> _What you will do_
From the line containing "Add4/1 -> [E5]" through the last line of the entries, set down every line exactly and add nothing.
═════ Material provided
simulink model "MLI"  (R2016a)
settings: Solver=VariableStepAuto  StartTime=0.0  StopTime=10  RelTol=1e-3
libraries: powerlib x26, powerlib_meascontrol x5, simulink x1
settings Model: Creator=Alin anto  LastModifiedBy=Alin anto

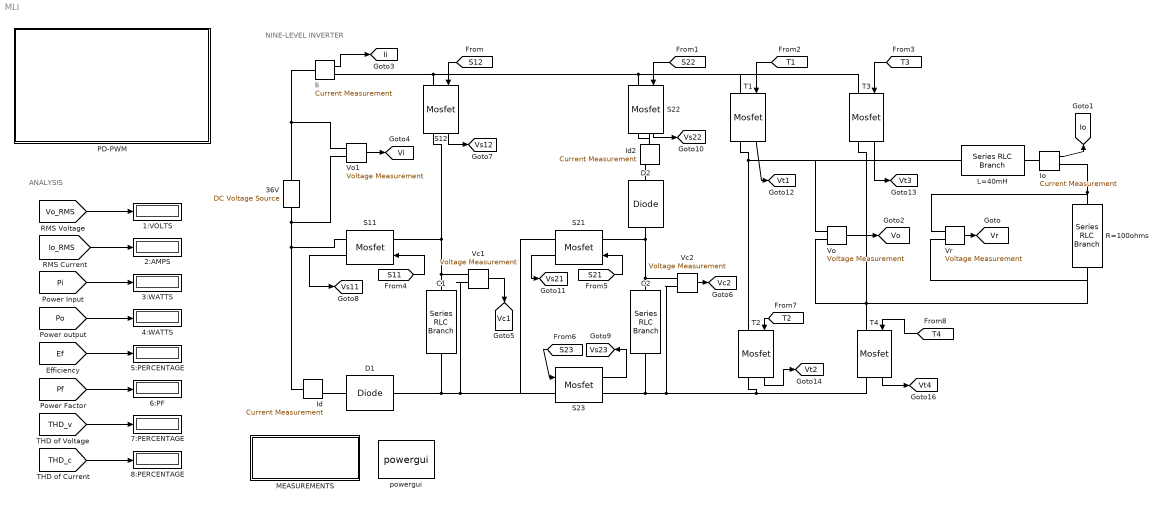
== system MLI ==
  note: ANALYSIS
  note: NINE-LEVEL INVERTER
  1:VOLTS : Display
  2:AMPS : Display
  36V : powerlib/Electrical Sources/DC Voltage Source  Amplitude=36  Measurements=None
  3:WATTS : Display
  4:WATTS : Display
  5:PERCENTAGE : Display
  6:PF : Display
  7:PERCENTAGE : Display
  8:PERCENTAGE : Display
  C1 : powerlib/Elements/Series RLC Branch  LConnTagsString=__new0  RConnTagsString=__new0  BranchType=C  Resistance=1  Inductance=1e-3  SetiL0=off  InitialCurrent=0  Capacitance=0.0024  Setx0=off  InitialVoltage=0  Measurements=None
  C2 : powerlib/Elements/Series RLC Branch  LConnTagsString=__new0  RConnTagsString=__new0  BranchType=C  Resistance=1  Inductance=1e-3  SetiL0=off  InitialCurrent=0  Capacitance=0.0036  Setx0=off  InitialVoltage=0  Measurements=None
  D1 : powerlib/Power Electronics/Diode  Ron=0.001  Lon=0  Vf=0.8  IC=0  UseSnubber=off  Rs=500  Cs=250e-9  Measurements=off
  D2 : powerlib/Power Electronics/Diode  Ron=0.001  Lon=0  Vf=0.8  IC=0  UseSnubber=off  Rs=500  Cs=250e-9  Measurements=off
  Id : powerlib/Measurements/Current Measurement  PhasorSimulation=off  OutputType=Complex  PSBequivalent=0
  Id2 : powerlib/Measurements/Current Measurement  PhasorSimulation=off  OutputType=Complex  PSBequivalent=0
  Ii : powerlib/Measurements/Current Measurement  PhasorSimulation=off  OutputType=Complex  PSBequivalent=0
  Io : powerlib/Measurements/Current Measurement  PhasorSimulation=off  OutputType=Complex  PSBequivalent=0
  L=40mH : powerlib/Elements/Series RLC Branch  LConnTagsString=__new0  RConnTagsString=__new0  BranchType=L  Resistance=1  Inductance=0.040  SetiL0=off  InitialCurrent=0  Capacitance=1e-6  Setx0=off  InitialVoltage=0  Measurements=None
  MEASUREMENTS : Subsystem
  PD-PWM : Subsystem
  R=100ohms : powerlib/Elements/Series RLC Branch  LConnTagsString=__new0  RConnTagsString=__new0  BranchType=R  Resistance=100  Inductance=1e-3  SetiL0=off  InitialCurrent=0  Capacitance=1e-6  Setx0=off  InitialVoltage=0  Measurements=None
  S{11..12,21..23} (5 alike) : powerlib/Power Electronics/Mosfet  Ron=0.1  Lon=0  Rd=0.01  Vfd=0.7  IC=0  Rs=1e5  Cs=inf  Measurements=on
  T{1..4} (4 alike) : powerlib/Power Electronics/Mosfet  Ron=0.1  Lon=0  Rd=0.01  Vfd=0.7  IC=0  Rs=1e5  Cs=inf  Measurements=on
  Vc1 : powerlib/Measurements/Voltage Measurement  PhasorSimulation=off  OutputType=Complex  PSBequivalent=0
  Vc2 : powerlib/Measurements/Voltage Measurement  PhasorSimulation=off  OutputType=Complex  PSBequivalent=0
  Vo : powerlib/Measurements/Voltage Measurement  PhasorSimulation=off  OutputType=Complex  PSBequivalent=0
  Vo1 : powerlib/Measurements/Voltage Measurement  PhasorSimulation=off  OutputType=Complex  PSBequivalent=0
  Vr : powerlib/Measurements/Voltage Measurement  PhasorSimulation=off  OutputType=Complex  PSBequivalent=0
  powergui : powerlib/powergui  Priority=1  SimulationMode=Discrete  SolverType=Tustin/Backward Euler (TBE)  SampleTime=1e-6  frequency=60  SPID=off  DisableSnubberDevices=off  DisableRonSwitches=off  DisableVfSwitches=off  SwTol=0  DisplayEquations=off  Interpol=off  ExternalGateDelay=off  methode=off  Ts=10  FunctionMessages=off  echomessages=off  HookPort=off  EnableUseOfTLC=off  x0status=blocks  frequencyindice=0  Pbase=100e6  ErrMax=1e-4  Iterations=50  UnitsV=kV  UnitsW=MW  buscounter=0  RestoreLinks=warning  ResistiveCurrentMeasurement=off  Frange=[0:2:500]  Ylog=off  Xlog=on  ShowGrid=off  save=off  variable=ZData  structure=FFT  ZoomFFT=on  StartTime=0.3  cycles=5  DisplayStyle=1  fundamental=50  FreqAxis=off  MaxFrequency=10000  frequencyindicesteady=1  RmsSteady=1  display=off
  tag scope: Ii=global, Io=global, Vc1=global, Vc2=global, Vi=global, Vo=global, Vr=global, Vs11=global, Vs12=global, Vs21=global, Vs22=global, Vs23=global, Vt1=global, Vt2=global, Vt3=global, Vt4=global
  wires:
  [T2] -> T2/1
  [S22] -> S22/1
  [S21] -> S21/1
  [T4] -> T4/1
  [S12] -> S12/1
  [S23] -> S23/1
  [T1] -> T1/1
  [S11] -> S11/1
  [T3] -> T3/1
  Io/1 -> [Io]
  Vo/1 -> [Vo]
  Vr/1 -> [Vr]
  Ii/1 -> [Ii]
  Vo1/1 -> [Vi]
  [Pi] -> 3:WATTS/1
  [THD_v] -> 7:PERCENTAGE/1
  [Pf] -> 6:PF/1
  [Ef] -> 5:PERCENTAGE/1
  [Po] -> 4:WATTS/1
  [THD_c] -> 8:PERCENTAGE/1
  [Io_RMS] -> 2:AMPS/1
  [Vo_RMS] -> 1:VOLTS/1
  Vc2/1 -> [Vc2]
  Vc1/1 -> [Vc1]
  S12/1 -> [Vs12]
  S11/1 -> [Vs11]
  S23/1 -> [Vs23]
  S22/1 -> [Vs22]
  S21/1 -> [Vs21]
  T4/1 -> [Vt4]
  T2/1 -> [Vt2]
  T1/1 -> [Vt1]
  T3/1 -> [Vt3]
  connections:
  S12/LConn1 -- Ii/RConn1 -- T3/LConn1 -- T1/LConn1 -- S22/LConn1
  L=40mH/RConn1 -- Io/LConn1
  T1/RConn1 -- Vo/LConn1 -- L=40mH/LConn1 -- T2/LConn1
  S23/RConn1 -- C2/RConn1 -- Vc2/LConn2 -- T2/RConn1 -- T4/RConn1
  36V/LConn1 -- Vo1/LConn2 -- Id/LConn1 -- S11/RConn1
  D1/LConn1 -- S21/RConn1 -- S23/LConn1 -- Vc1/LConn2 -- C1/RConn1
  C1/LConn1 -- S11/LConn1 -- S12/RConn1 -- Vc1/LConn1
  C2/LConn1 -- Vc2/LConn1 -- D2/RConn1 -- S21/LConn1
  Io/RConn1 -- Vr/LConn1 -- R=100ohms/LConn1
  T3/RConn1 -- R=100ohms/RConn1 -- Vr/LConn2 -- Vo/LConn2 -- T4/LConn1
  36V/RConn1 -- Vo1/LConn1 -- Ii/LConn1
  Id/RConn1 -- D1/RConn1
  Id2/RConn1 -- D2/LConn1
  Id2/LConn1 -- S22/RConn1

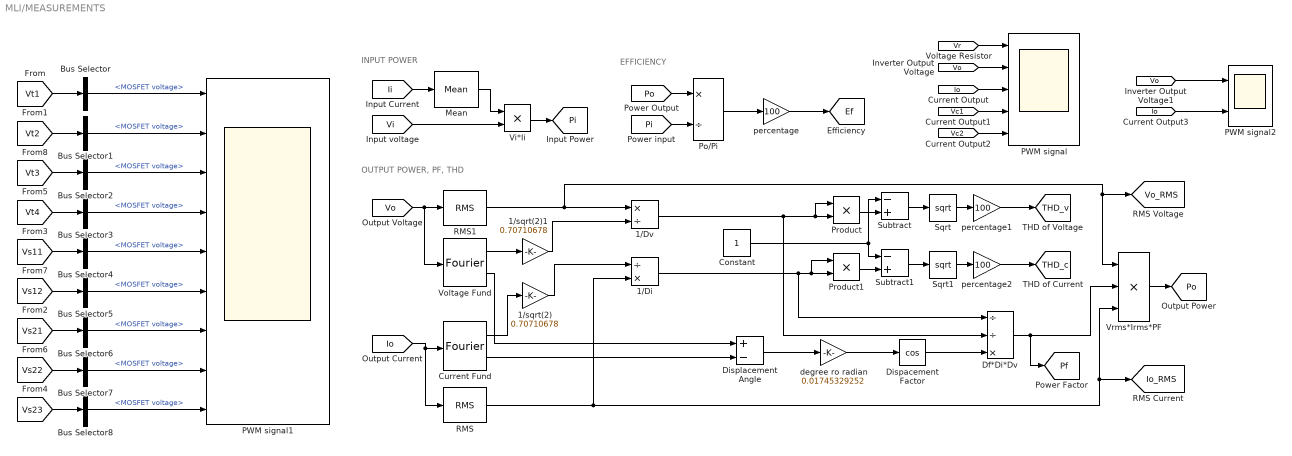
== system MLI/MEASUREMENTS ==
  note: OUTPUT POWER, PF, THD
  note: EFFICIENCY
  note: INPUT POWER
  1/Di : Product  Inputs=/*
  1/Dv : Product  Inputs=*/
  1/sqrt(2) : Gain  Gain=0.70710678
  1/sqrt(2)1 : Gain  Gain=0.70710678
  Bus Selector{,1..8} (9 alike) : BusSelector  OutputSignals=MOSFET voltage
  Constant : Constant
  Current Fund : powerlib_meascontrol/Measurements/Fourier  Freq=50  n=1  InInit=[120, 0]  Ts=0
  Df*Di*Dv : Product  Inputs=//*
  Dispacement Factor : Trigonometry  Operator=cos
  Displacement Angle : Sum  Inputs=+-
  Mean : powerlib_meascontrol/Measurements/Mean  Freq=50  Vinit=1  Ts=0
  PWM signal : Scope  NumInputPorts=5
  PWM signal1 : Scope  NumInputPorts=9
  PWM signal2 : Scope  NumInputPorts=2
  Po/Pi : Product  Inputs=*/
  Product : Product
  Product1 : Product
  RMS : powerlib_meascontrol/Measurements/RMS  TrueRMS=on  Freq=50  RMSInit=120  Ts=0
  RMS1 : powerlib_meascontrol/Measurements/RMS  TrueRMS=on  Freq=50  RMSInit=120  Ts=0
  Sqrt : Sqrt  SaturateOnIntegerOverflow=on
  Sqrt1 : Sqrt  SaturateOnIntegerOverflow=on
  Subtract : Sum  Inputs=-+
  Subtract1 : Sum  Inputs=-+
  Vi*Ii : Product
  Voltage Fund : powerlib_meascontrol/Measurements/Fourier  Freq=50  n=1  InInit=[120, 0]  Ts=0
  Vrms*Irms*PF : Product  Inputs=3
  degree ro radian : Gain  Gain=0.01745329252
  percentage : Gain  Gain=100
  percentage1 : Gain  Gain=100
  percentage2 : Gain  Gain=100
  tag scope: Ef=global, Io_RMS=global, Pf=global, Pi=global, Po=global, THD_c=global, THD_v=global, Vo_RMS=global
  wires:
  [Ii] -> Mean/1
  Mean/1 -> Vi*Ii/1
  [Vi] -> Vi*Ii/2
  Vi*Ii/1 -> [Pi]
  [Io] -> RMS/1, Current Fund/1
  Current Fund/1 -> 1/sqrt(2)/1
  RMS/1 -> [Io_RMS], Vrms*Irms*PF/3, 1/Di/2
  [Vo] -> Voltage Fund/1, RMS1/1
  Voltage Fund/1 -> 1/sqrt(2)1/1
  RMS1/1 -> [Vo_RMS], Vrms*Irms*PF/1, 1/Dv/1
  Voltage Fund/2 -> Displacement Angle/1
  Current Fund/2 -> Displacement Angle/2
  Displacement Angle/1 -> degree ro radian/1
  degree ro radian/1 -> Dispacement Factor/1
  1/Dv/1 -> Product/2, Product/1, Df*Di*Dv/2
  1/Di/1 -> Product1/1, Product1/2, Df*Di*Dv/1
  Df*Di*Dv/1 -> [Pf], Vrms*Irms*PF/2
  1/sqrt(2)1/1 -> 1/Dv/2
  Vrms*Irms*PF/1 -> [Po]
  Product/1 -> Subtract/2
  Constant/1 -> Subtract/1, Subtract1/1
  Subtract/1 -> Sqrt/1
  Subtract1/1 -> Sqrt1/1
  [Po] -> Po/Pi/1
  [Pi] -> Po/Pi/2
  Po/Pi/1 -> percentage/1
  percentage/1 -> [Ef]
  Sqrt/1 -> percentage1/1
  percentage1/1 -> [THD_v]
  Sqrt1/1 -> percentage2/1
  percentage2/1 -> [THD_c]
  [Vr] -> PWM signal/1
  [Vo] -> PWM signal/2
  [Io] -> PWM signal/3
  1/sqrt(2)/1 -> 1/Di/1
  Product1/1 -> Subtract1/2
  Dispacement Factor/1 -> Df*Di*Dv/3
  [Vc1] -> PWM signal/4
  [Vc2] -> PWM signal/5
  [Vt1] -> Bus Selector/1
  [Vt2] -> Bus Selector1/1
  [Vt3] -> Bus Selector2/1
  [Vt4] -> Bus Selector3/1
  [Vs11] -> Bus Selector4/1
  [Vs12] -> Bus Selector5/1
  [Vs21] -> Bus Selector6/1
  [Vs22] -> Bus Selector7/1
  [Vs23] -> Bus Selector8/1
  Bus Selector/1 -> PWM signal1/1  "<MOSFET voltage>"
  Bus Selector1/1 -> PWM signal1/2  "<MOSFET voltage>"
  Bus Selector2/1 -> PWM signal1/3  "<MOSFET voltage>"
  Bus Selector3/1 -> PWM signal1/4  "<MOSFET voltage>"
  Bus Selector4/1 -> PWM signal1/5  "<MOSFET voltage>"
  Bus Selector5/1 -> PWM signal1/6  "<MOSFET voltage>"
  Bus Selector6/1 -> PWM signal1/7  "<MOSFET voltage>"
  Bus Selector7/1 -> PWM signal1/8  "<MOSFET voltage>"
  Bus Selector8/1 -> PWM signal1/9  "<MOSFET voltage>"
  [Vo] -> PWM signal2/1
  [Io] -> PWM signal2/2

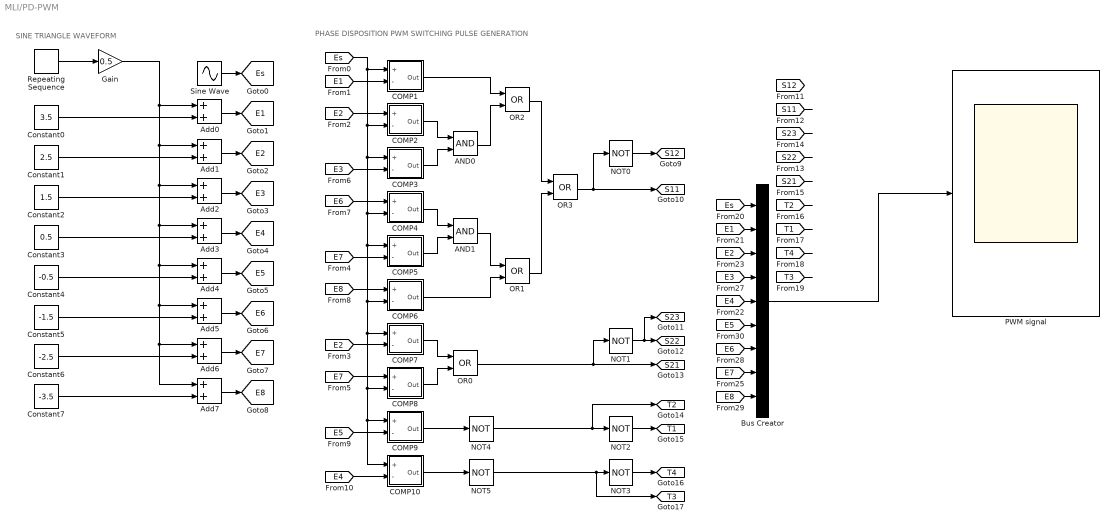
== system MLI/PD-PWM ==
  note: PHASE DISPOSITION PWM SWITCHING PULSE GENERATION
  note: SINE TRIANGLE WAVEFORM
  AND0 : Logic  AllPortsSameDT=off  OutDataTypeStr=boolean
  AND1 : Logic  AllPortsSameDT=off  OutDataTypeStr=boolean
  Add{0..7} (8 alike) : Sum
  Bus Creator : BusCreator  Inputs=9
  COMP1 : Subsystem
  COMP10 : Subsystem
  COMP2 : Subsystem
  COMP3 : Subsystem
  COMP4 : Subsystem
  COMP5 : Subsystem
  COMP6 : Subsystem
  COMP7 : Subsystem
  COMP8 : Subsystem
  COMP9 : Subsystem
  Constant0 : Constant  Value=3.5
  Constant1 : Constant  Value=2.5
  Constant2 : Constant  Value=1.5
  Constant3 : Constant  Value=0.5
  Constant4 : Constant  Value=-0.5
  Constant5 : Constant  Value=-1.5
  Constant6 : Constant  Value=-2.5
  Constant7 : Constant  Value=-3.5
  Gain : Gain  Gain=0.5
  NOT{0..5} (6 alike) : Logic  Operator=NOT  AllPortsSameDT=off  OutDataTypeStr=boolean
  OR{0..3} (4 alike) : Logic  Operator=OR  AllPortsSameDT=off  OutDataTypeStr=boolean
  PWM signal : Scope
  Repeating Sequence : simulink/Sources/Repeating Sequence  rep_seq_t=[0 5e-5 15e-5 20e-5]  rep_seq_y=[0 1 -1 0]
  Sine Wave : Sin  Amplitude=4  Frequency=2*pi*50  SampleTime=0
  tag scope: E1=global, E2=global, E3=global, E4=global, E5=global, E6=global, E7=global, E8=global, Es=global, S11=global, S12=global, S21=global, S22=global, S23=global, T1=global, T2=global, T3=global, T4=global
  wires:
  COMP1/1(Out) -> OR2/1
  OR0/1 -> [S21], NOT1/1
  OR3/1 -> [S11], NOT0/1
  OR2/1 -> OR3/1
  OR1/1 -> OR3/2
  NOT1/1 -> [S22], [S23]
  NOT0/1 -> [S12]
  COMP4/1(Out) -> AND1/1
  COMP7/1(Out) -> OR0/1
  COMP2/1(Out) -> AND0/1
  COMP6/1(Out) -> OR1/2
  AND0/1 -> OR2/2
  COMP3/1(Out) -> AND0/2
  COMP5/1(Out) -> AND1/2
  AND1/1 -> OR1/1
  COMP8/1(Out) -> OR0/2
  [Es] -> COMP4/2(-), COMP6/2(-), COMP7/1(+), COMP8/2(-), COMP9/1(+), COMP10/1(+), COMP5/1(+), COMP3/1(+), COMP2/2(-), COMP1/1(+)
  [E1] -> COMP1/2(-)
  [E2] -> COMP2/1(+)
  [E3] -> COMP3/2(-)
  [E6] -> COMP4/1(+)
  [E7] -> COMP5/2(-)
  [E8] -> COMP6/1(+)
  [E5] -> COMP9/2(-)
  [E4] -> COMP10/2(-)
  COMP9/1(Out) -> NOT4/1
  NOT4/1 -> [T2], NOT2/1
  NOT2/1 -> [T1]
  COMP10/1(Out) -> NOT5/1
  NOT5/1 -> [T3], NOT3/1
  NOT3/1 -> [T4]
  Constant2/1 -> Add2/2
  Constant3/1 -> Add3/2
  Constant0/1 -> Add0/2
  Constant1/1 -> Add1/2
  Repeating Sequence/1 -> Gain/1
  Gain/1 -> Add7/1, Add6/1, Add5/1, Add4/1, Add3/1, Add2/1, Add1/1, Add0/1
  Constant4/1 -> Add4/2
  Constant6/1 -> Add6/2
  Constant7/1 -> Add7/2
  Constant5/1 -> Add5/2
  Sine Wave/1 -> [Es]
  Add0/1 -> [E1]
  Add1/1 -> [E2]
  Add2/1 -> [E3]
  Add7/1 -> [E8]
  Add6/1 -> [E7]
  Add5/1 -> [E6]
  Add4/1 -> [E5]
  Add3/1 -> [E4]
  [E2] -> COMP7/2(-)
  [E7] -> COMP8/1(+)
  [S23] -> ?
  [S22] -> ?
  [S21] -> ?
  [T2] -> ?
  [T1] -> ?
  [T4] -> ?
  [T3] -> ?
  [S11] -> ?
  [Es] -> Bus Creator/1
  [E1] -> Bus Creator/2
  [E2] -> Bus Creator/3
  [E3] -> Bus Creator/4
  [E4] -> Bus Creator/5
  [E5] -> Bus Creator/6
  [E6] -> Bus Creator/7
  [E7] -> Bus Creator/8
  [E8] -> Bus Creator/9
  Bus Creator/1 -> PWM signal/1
══════════
> _Solution to this task_
  Add4/1 -> [E5]
  Add3/1 -> [E4]
  [E2] -> COMP7/2(-)
  [E7] -> COMP8/1(+)
  [S23] -> ?
  [S22] -> ?
  [S21] -> ?
  [T2] -> ?
  [T1] -> ?
  [T4] -> ?
  [T3] -> ?
  [S11] -> ?
  [Es] -> Bus Creator/1
  [E1] -> Bus Creator/2
  [E2] -> Bus Creator/3
  [E3] -> Bus Creator/4
  [E4] -> Bus Creator/5
  [E5] -> Bus Creator/6
  [E6] -> Bus Creator/7
  [E7] -> Bus Creator/8
  [E8] -> Bus Creator/9
  Bus Creator/1 -> PWM signal/1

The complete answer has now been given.